Financing for Sustainable Development Report 2019
Sixty-plus international organizations, led by the United Nations and including the International Monetary Fund, the World Bank Group and World Trade Organization, jointly sounded the alarm in a new report, warning that unless national and international financial systems are revamped, the world’s governments will fail to keep their promises on such critical issues as combatting climate change and eradicating poverty by 2030.
In their 2019 Financing for Sustainable Development Report, the international organizations find some good news: investment has gained strength in some countries and interest in sustainable investing is growing, with 75 per cent of individual investors showing interest in how their investments affect the world.
And yet, greenhouse gas emissions grew 1.3 per cent in 2017; investment in many countries is falling; and 30 developing countries are now at high risk or already in debt distress. At the same time, global growth is expected to have peaked at around 3 per cent.
Changing the current trajectory in financing sustainable development is not just about raising additional investment, says the report. Achieving global goals depends on supportive financial systems, and conducive global and national policy environments.
Yet the report warns that creating favourable conditions is becoming more challenging. Rapid changes in technology, geopolitics, and climate are remaking our economies and societies, and existing national and multilateral institutions -- which had helped lift billions out of poverty -- are now struggling to adapt. Confidence in the multilateral system has been undermined, in part because it has failed to deliver returns equitably, with most people in the world living in countries with increasing inequality.
“Trust in the multilateral system itself is eroding, in part because we are not delivering inclusive and sustainable growth for all,” said António Guterres, Secretary-General of the United Nations, in his foreword to the report. “Our shared challenge is to make the international trading and financial systems fit for purpose to advance sustainable development and promote fair globalization.”

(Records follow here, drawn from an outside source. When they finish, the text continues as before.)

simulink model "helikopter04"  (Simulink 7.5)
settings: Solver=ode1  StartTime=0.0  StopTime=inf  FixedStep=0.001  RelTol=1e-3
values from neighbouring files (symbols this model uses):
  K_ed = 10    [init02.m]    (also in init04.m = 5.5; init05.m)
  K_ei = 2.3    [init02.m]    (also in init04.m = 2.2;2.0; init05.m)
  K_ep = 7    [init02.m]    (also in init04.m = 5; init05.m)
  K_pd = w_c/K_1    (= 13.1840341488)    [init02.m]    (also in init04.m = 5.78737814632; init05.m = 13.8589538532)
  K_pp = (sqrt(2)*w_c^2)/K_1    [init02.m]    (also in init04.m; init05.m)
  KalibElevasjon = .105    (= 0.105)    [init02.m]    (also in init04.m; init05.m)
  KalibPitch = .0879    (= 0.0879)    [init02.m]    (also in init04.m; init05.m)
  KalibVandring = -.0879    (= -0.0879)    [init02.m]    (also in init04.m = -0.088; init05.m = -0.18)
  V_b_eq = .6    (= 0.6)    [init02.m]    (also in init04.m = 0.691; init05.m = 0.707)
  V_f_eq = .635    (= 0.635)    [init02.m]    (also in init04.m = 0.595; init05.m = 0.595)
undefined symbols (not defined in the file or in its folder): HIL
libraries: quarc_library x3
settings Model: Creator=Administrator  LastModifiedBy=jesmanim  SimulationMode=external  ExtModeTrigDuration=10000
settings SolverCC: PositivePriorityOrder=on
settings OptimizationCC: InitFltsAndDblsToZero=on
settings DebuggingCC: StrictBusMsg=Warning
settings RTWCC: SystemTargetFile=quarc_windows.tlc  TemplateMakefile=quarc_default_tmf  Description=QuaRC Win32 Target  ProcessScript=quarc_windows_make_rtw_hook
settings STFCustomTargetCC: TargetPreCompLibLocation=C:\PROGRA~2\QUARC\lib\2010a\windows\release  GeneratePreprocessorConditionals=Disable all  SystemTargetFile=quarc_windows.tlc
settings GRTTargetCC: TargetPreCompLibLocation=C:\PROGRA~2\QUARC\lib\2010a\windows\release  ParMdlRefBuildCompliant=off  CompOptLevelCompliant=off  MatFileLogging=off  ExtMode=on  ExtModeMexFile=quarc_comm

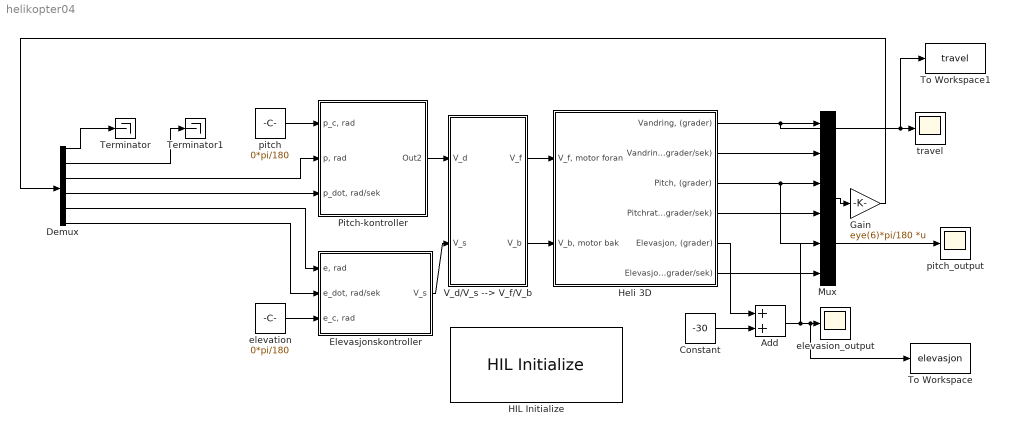
== system helikopter04 ==
  Add : Sum  OutDataType=sfix(16)  OutScaling=2^-10
  Constant : Constant  Value=-30  OutDataType=sfix(16)  OutScaling=2^0
  Demux : Demux  Outputs=6
  Elevasjonskontroller : Subsystem
  Gain : Gain  Gain=eye(6)*pi/180  Multiplication=Matrix(K*u)  ParameterDataType=sfix(16)  ParameterScaling=2^0  OutDataType=sfix(16)  OutScaling=2^0
  HIL Initialize : quarc_library/Data Acquisition/Generic/Configuration/HIL Initialize  object_name=HIL-1  board_type=sensoray_model_626  board_number=0  exclusive=off  active=on  hardware_clocks=[0 1 2 3 4 5]  clock_modes=2  set_clock_params_at_start=on  set_clock_params_at_switch_in=on  analog_input_channels=[0:15]  analog_input_maximums=10  analog_input_minimums=-10  set_analog_input_params_at_start=on  set_analog_input_params_at_switch_in=off  analog_output_channels=[0:3]  analog_output_maximums=10  analog_output_minimums=-10  initial_analog_outputs=[0]  final_analog_outputs=[0]  watchdog_analog_outputs=[]  set_analog_output_params_at_start=off  set_analog_output_params_at_switch_in=off  set_analog_outputs_at_start=on  set_analog_outputs_at_switch_in=off  set_analog_outputs_at_terminate=on  set_analog_outputs_at_switch_out=off  set_analog_outputs_on_watchdog=off  digital_input_channels=[]  digital_output_channels=[]  digital_output_configuration=[]  initial_digital_outputs=[1]  final_digital_outputs=[1]  watchdog_digital_outputs=[]  set_digital_output_params_at_start=off  set_digital_output_params_at_switch_in=off  set_digital_outputs_at_start=on  set_digital_outputs_at_switch_in=off  set_digital_outputs_at_terminate=on  set_digital_outputs_at_switch_out=off  set_digital_outputs_on_watchdog=off  encoder_channels=[]  quadrature=[4]  encoder_filter_frequency=[]  initial_encoder_counts=[0]  set_encoder_params_at_start=on  set_encoder_params_at_switch_in=off  set_encoder_counts_at_start=on  set_encoder_counts_at_switch_in=off  pwm_channels=[]  pwm_modes=[]  pwm_frequency=[]  pwm_configuration=[]  pwm_alignment=[]  pwm_polarity=[]  pwm_leading_deadband=[]  pwm_trailing_deadband=[]  initial_pwm_outputs=[]  final_pwm_outputs=[]  watchdog_pwm_outputs=[]  set_pwm_params_at_start=off  set_pwm_params_at_switch_in=off  set_pwm_outputs_at_start=off  set_pwm_outputs_at_switch_in=off  set_pwm_outputs_at_terminate=off  set_pwm_outputs_at_switch_out=off  set_pwm_outputs_on_watchdog=off  other_output_channels=[]  initial_other_outputs=[]  final_other_outputs=[]  watchdog_other_outputs=[]  set_other_outputs_at_start=off  set_other_outputs_at_switch_in=off  set_other_outputs_at_terminate=off  set_other_outputs_at_switch_out=off  set_other_outputs_on_watchdog=off
  Heli 3D : Subsystem
  Mux : Mux  Inputs=6
  Pitch-kontroller : Subsystem
  Terminator : Terminator
  Terminator1 : Terminator
  To Workspace : ToWorkspace  VariableName=elevasjon  SampleTime=-1  SaveFormat=Structure With Time
  To Workspace1 : ToWorkspace  VariableName=travel  SampleTime=-1  SaveFormat=Structure With Time
  V_d/V_s --> V_f/V_b : Subsystem
  elevasion_output : Scope
      settings: TimeRange=10  YMin=9.875  YMax=10.125
  elevation : Constant  Value=0*pi/180  OutDataType=sfix(16)  OutScaling=2^0
  pitch : Constant  Value=0*pi/180  OutDataType=sfix(16)  OutScaling=2^0
  pitch_output : Scope
      settings: YMin=29.05  YMax=29.65  SaveName=ScopeData3
  travel : Scope
      settings: YMin=5931.5  YMax=5940  SaveName=ScopeData2
  wires:
  Pitch-kontroller/1(Out2) -> V_d/V_s --> V_f/V_b/1(V_d)
  Elevasjonskontroller/1(V_s) -> V_d/V_s --> V_f/V_b/2(V_s)
  Heli 3D/1("Vandring, (grader)") -> Mux/1, travel/1, To Workspace1/1
  Heli 3D/4("Pitchrate, (grader/sek)") -> Mux/4
  Heli 3D/5("Elevasjon, (grader)") -> Add/1
  Heli 3D/6(Elevasjonsrate (grader/sek)) -> Mux/6
  Mux/1 -> Gain/1
  Demux/1 -> Terminator/1
  Demux/2 -> Terminator1/1
  Gain/1 -> Demux/1
  pitch/1 -> Pitch-kontroller/1("p_c, rad")
  Demux/3 -> Pitch-kontroller/2("p, rad")
  Demux/4 -> Pitch-kontroller/3("p_dot, rad/sek")
  Demux/5 -> Elevasjonskontroller/1("e, rad")
  Demux/6 -> Elevasjonskontroller/2("e_dot, rad/sek")
  elevation/1 -> Elevasjonskontroller/3("e_c, rad")
  Constant/1 -> Add/2
  Add/1 -> Mux/5, elevasion_output/1, To Workspace/1
  Heli 3D/3("Pitch, (grader)") -> Mux/3, pitch_output/1
  Heli 3D/2("Vandringsrate, (grader/sek)") -> Mux/2
  V_d/V_s --> V_f/V_b/1(V_f) -> Heli 3D/1("V_f, motor foran")
  V_d/V_s --> V_f/V_b/2(V_b) -> Heli 3D/2("V_b, motor bak")

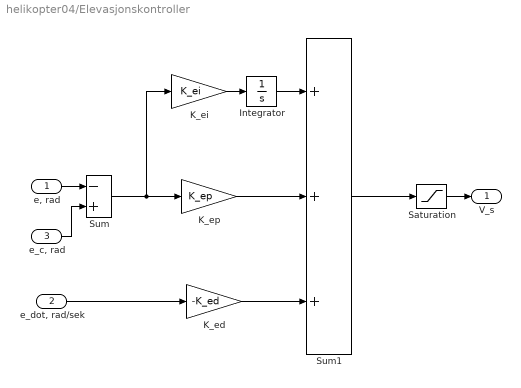
== system helikopter04/Elevasjonskontroller ==
  "e, rad" : Inport
  "e_dot, rad/sek" : Inport  Port=2
  "e_c, rad" : Inport  Port=3
  Integrator : Integrator  LimitOutput=on
  K_ed : Gain  Gain=-K_ed  SaturateOnIntegerOverflow=on  OutDataTypeStr=Inherit: Same as input  ParamDataTypeStr=Inherit: Same as input
  K_ei : Gain  Gain=K_ei  SaturateOnIntegerOverflow=on  OutDataTypeStr=Inherit: Same as input  ParamDataTypeStr=Inherit: Same as input
  K_ep : Gain  Gain=K_ep  SaturateOnIntegerOverflow=on  OutDataTypeStr=Inherit: Same as input  ParamDataTypeStr=Inherit: Same as input
  Saturation : Saturate  UpperLimit=10  LowerLimit=-10
  Sum : Sum  Inputs=-+  SaturateOnIntegerOverflow=on  InputSameDT=on  OutDataTypeStr=Inherit: Same as first input
  Sum1 : Sum  Inputs=+++  SaturateOnIntegerOverflow=on  InputSameDT=on  OutDataTypeStr=Inherit: Same as first input
  V_s : Outport  InitialOutput=0
  wires:
  Sum/1 -> K_ei/1, K_ep/1
  "e, rad"/1 -> Sum/1
  "e_c, rad"/1 -> Sum/2
  "e_dot, rad/sek"/1 -> K_ed/1
  Saturation/1 -> V_s/1
  Sum1/1 -> Saturation/1
  K_ep/1 -> Sum1/2
  K_ed/1 -> Sum1/3
  Integrator/1 -> Sum1/1
  K_ei/1 -> Integrator/1

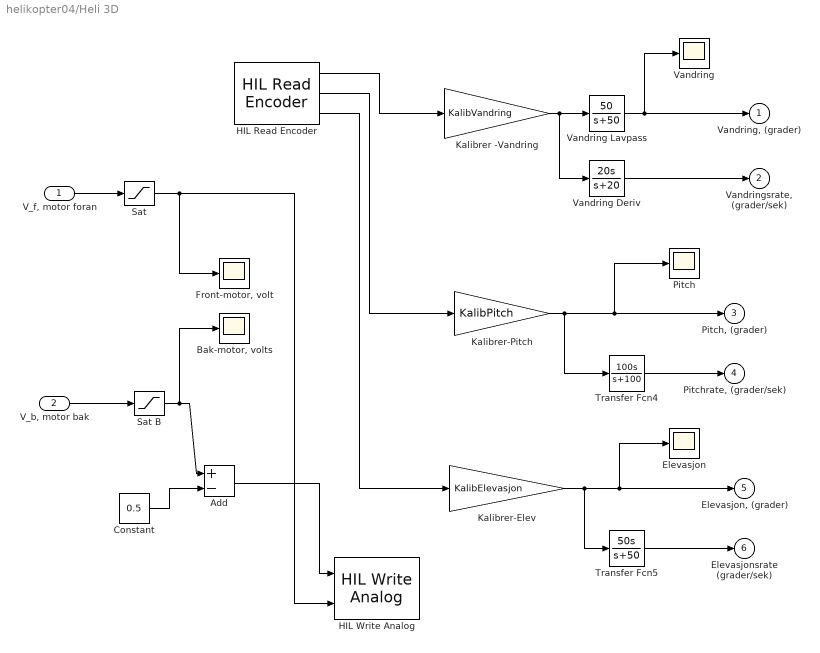
== system helikopter04/Heli 3D ==
  "V_f, motor foran" : Inport
  "V_b, motor bak" : Inport  Port=2
  Add : Sum  Inputs=+-  OutDataType=fixdt(1, 16)  OutScaling=2^-10
  "Bak-motor, volts" : Scope
      settings: TickLabels=on  TimeRange=1.234000  YMin=-1.560000  YMax=1.560000  DataFormat=Array
  Constant : Constant  Value=0.5  OutDataType=sfix(16)  OutScaling=2^0
  Elevasjon : Scope
      settings: TickLabels=on  TimeRange=1.234000  YMin=-1.56  YMax=1.56  DataFormat=Array
  "Front-motor, volt" : Scope
      settings: TickLabels=on  TimeRange=1.234000  YMin=-1.560000  YMax=1.560000  DataFormat=Array
  HIL Read Encoder : quarc_library/Data Acquisition/Generic/Immediate I//O/HIL Read Encoder  object_name=HIL-1  channels=[0,1,2]  sample_time=qc_get_step_size  active=on  vector_output=off  data_type_mode=Inherit via back propagation  data_type=double
  HIL Write Analog : quarc_library/Data Acquisition/Generic/Immediate I//O/HIL Write Analog  object_name=HIL-1  channels=[1,0]  sample_time=-1  active=off  vector_input=off
  Kalibrer -Vandring : Gain  Gain=KalibVandring  SaturateOnIntegerOverflow=on  OutDataTypeStr=Inherit: Same as input  ParamDataTypeStr=Inherit: Same as input
  Kalibrer-Elev : Gain  Gain=KalibElevasjon  SaturateOnIntegerOverflow=on  OutDataTypeStr=Inherit: Same as input  ParamDataTypeStr=Inherit: Same as input
  Kalibrer-Pitch : Gain  Gain=KalibPitch  SaturateOnIntegerOverflow=on  OutDataTypeStr=Inherit: Same as input  ParamDataTypeStr=Inherit: Same as input
  Pitch : Scope
      settings: TickLabels=on  TimeRange=1.000000  YMin=-1  YMax=1  DataFormat=Array
  Sat : Saturate  UpperLimit=5  LowerLimit=-5
  Sat B : Saturate  UpperLimit=5  LowerLimit=-5
  Transfer Fcn4 : TransferFcn  Numerator=[100 0]  Denominator=[1 100]
  Transfer Fcn5 : TransferFcn  Numerator=[50 0]  Denominator=[1 50]
  Vandring : Scope
      settings: TickLabels=on  TimeRange=1.000000  YMin=1  YMax=2.4  DataFormat=Array
  Vandring Deriv : TransferFcn  Numerator=[20 0]  Denominator=[1 20]
  Vandring Lavpass : TransferFcn  Numerator=[50]  Denominator=[1 50]
  "Vandring, (grader)" : Outport  InitialOutput=0
  "Vandringsrate, (grader/sek)" : Outport  Port=2  InitialOutput=0
  "Pitch, (grader)" : Outport  Port=3  InitialOutput=0
  "Pitchrate, (grader/sek)" : Outport  Port=4  InitialOutput=0
  "Elevasjon, (grader)" : Outport  Port=5  InitialOutput=0
  Elevasjonsrate (grader/sek) : Outport  Port=6  InitialOutput=0
  wires:
  Vandring Deriv/1 -> "Vandringsrate, (grader/sek)"/1
  Vandring Lavpass/1 -> Vandring/1, "Vandring, (grader)"/1
  Kalibrer -Vandring/1 -> Vandring Deriv/1, Vandring Lavpass/1
  Kalibrer-Pitch/1 -> Pitch/1, "Pitch, (grader)"/1, Transfer Fcn4/1
  Transfer Fcn4/1 -> "Pitchrate, (grader/sek)"/1
  Kalibrer-Elev/1 -> Transfer Fcn5/1, Elevasjon/1, "Elevasjon, (grader)"/1
  Transfer Fcn5/1 -> Elevasjonsrate (grader/sek)/1
  Sat/1 -> "Front-motor, volt"/1, HIL Write Analog/2
  Sat B/1 -> "Bak-motor, volts"/1, Add/1
  "V_f, motor foran"/1 -> Sat/1
  "V_b, motor bak"/1 -> Sat B/1
  HIL Read Encoder/1 -> Kalibrer -Vandring/1
  HIL Read Encoder/2 -> Kalibrer-Pitch/1
  HIL Read Encoder/3 -> Kalibrer-Elev/1
  Add/1 -> HIL Write Analog/1
  Constant/1 -> Add/2

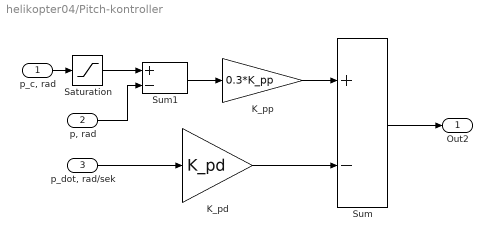
== system helikopter04/Pitch-kontroller ==
  "p_c, rad" : Inport
  "p, rad" : Inport  Port=2
  "p_dot, rad/sek" : Inport  Port=3
  K_pd : Gain  Gain=K_pd  SaturateOnIntegerOverflow=on  OutDataTypeStr=Inherit: Same as input  ParamDataTypeStr=Inherit: Same as input
  K_pp : Gain  Gain=0.3*K_pp  SaturateOnIntegerOverflow=on  OutDataTypeStr=Inherit: Same as input  ParamDataTypeStr=Inherit: Same as input
  Saturation : Saturate  UpperLimit=50*pi/180  LowerLimit=-50*pi/180
  Sum : Sum  Inputs=+-  SaturateOnIntegerOverflow=on  InputSameDT=on  OutDataTypeStr=Inherit: Same as first input
  Sum1 : Sum  Inputs=+-  SaturateOnIntegerOverflow=on  InputSameDT=on  OutDataTypeStr=Inherit: Same as first input
  Out2 : Outport  InitialOutput=0
  wires:
  Saturation/1 -> Sum1/1
  "p_c, rad"/1 -> Saturation/1
  Sum1/1 -> K_pp/1
  Sum/1 -> Out2/1
  K_pp/1 -> Sum/1
  K_pd/1 -> Sum/2
  "p_dot, rad/sek"/1 -> K_pd/1
  "p, rad"/1 -> Sum1/2

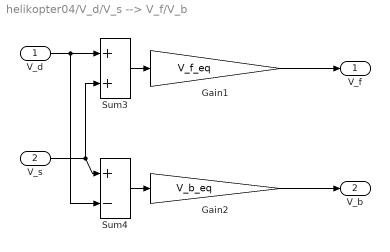
== system helikopter04/V_d/V_s --> V_f/V_b ==
  V_d : Inport
  V_s : Inport  Port=2
  Gain1 : Gain  Gain=V_f_eq  SaturateOnIntegerOverflow=on  OutDataTypeStr=Inherit: Same as input  ParamDataTypeStr=Inherit: Same as input
  Gain2 : Gain  Gain=V_b_eq  SaturateOnIntegerOverflow=on  OutDataTypeStr=Inherit: Same as input  ParamDataTypeStr=Inherit: Same as input
  Sum3 : Sum  SaturateOnIntegerOverflow=on  InputSameDT=on  OutDataTypeStr=Inherit: Same as first input
  Sum4 : Sum  Inputs=+-  SaturateOnIntegerOverflow=on  InputSameDT=on  OutDataTypeStr=Inherit: Same as first input
  V_f : Outport  InitialOutput=0
  V_b : Outport  Port=2  InitialOutput=0
  wires:
  Gain2/1 -> V_b/1
  Gain1/1 -> V_f/1
  V_d/1 -> Sum4/2, Sum3/1
  Sum4/1 -> Gain2/1
  Sum3/1 -> Gain1/1
  V_s/1 -> Sum3/2, Sum4/1

The international agencies recommend concrete steps to overhaul the global institutional architecture and make the global economy and global finance more sustainable, including:
• supporting a shift
towards long-term investment horizons with sustainability
risks central to investment
decisions;
•
• revisiting mechanisms for
sovereign debt restructuring to respond to more complex debt
instruments and a more diverse creditor
landscape;
•
• revamping the multilateral trading
system;
•
• addressing challenges to tax systems
that inhibit countries from mobilizing adequate resources in
an increasingly digitalized world economy;
and
•
• addressing growing market concentration
that extends across borders, with impacts on
inequality.
•
At the national level, the report
puts forward a roadmap for countries to revamp their public
and private financial systems to mobilize resources for
sustainable investment. It introduces tools for countries to
align financing policies with national sustainable
development strategies and priorities.
The United Nations Economic Commission for Asia and the Pacific (ESCAP) has produced a complementary report on “Financing for Development in Asia and the Pacific: Highlights in the Context of the Addis Ababa Action Agenda, 2019 Edition”. Among other findings, the ESCAP report emphasizes the importance of raising public resources to finance urban infrastructure development in a context of breakneck urbanization and enhancing capacity-building efforts in the area of infrastructure financing and public-private partnerships.
The ESCAP report also underlines the need to scale up investments and international development cooperation to facilitate the attainment of the Sustainable Development Goals in the region. “In a region as diverse as ours,” pointed out Armida Salsiah Alisjahbana, Under-Secretary-General of the United Nations, and Executive Secretary of ESCAP, “investment needs vary considerably. Least developed countries need to invest the most at 16 per cent of GDP while South and South-West Asia has an investment need of 10 per cent of GDP to reach the goals by 2030.”
Finally, the United Nations Development Programme’s (UNDP) Regional Bureau for Asia and the Pacific in partnership with the Asian Development Bank has prepared another complementary report entitled “Integrated Financial Solutions: How Countries are Innovating to Finance the Sustainable Development Goals”. Based on more than 40 case studies from around the world, the report documents integration efforts across public and private financing of the SDGs, with a focus on the connection between planning processes, budgeting and policies to engage the private sector.